▶ **What to do**
The line containing "Rectangle(SKETCH_4_W_2, SKETCH_4_H)" marks the end: restate word for word every line from the first line of the entries below through that one.

Content starts

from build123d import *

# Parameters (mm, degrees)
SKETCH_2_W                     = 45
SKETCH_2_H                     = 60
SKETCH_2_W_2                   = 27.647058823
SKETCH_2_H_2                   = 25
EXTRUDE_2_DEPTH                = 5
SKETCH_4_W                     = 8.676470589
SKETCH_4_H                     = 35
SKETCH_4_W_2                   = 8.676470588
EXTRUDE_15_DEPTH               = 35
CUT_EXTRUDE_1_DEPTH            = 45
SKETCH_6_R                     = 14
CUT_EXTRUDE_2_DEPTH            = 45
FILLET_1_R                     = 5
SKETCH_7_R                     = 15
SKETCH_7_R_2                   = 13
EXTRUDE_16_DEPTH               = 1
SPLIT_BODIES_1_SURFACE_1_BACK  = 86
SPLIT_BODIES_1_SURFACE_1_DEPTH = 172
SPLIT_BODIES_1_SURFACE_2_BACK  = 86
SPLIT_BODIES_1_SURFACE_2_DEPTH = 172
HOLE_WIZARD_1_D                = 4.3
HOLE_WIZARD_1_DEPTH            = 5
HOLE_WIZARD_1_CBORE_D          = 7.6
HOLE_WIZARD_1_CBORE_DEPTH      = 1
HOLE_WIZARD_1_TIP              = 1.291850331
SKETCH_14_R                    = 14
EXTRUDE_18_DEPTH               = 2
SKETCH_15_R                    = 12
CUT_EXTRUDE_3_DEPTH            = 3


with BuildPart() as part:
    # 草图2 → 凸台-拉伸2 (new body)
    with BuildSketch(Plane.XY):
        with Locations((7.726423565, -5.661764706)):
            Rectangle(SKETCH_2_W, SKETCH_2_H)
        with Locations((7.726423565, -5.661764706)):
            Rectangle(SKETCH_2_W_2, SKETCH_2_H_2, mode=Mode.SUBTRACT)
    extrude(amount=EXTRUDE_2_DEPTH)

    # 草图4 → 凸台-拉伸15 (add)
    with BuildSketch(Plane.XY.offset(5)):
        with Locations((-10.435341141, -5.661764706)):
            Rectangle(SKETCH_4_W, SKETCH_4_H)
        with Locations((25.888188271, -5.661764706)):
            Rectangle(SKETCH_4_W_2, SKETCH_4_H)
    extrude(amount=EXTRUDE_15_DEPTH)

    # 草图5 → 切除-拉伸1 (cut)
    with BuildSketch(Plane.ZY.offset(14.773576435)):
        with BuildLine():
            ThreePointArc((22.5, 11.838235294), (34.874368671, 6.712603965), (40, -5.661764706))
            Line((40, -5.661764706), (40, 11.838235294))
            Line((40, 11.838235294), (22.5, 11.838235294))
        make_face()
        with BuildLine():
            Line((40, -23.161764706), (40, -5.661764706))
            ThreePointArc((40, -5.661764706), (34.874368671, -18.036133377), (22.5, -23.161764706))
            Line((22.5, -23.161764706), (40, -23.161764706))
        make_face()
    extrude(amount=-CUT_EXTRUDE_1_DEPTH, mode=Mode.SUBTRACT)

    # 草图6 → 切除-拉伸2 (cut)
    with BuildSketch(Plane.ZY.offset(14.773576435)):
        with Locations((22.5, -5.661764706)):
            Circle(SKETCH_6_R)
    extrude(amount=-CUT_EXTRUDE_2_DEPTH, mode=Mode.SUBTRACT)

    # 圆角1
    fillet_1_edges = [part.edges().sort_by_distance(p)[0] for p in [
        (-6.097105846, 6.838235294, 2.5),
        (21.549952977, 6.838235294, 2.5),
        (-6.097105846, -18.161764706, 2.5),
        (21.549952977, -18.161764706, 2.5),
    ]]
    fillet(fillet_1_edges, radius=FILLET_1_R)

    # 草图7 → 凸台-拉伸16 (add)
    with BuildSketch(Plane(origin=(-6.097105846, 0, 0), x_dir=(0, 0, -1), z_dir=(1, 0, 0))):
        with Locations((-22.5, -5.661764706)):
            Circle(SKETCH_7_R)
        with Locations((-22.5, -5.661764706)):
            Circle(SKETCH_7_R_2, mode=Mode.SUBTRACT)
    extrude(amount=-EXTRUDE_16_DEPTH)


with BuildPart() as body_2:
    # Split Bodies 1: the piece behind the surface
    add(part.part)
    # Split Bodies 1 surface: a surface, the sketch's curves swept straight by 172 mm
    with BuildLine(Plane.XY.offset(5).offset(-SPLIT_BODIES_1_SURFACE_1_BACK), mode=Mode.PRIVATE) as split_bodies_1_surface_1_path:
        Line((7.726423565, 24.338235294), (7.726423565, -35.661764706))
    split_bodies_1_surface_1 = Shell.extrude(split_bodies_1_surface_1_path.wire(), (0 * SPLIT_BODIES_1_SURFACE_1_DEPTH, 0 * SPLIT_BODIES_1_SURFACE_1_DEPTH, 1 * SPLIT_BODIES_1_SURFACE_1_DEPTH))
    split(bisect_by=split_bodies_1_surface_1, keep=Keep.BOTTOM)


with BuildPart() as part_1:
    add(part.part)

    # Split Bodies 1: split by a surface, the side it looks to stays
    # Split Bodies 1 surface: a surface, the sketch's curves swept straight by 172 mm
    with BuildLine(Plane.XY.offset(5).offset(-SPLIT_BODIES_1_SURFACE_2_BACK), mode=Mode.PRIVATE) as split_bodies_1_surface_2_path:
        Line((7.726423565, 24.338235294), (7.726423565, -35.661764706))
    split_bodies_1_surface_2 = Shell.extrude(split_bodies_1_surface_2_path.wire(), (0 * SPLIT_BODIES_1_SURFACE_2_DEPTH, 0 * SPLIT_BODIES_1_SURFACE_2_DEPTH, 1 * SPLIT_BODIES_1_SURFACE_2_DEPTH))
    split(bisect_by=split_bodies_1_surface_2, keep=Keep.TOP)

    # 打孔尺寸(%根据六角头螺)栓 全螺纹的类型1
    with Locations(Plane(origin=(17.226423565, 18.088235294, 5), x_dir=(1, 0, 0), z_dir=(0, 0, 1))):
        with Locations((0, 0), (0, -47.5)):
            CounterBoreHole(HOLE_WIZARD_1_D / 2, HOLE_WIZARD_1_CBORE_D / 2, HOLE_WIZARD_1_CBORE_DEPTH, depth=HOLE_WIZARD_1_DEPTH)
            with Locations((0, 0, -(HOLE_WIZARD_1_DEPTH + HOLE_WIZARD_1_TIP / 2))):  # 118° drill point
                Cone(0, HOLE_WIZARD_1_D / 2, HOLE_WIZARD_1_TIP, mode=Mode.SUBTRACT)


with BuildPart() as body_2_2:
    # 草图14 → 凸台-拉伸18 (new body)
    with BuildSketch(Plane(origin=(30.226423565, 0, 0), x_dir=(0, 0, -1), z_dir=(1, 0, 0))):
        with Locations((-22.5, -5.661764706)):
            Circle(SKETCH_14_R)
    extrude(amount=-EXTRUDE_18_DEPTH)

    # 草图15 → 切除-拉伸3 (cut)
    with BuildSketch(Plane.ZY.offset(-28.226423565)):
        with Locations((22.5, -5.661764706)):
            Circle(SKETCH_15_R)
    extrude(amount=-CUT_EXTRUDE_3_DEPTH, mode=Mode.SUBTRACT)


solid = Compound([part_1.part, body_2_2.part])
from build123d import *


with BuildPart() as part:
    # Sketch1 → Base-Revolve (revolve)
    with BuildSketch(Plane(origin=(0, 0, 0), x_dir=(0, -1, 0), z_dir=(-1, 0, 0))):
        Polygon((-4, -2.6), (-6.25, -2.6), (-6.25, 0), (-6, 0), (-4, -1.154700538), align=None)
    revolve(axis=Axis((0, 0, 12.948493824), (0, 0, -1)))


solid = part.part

Content ends

▶ **Task output**
from build123d import *

# Parameters (mm, degrees)
SKETCH_2_W                     = 45
SKETCH_2_H                     = 60
SKETCH_2_W_2                   = 27.647058823
SKETCH_2_H_2                   = 25
EXTRUDE_2_DEPTH                = 5
SKETCH_4_W                     = 8.676470589
SKETCH_4_H                     = 35
SKETCH_4_W_2                   = 8.676470588
EXTRUDE_15_DEPTH               = 35
CUT_EXTRUDE_1_DEPTH            = 45
SKETCH_6_R                     = 14
CUT_EXTRUDE_2_DEPTH            = 45
FILLET_1_R                     = 5
SKETCH_7_R                     = 15
SKETCH_7_R_2                   = 13
EXTRUDE_16_DEPTH               = 1
SPLIT_BODIES_1_SURFACE_1_BACK  = 86
SPLIT_BODIES_1_SURFACE_1_DEPTH = 172
SPLIT_BODIES_1_SURFACE_2_BACK  = 86
SPLIT_BODIES_1_SURFACE_2_DEPTH = 172
HOLE_WIZARD_1_D                = 4.3
HOLE_WIZARD_1_DEPTH            = 5
HOLE_WIZARD_1_CBORE_D          = 7.6
HOLE_WIZARD_1_CBORE_DEPTH      = 1
HOLE_WIZARD_1_TIP              = 1.291850331
SKETCH_14_R                    = 14
EXTRUDE_18_DEPTH               = 2
SKETCH_15_R                    = 12
CUT_EXTRUDE_3_DEPTH            = 3


with BuildPart() as part:
    # 草图2 → 凸台-拉伸2 (new body)
    with BuildSketch(Plane.XY):
        with Locations((7.726423565, -5.661764706)):
            Rectangle(SKETCH_2_W, SKETCH_2_H)
        with Locations((7.726423565, -5.661764706)):
            Rectangle(SKETCH_2_W_2, SKETCH_2_H_2, mode=Mode.SUBTRACT)
    extrude(amount=EXTRUDE_2_DEPTH)

    # 草图4 → 凸台-拉伸15 (add)
    with BuildSketch(Plane.XY.offset(5)):
        with Locations((-10.435341141, -5.661764706)):
            Rectangle(SKETCH_4_W, SKETCH_4_H)
        with Locations((25.888188271, -5.661764706)):
            Rectangle(SKETCH_4_W_2, SKETCH_4_H)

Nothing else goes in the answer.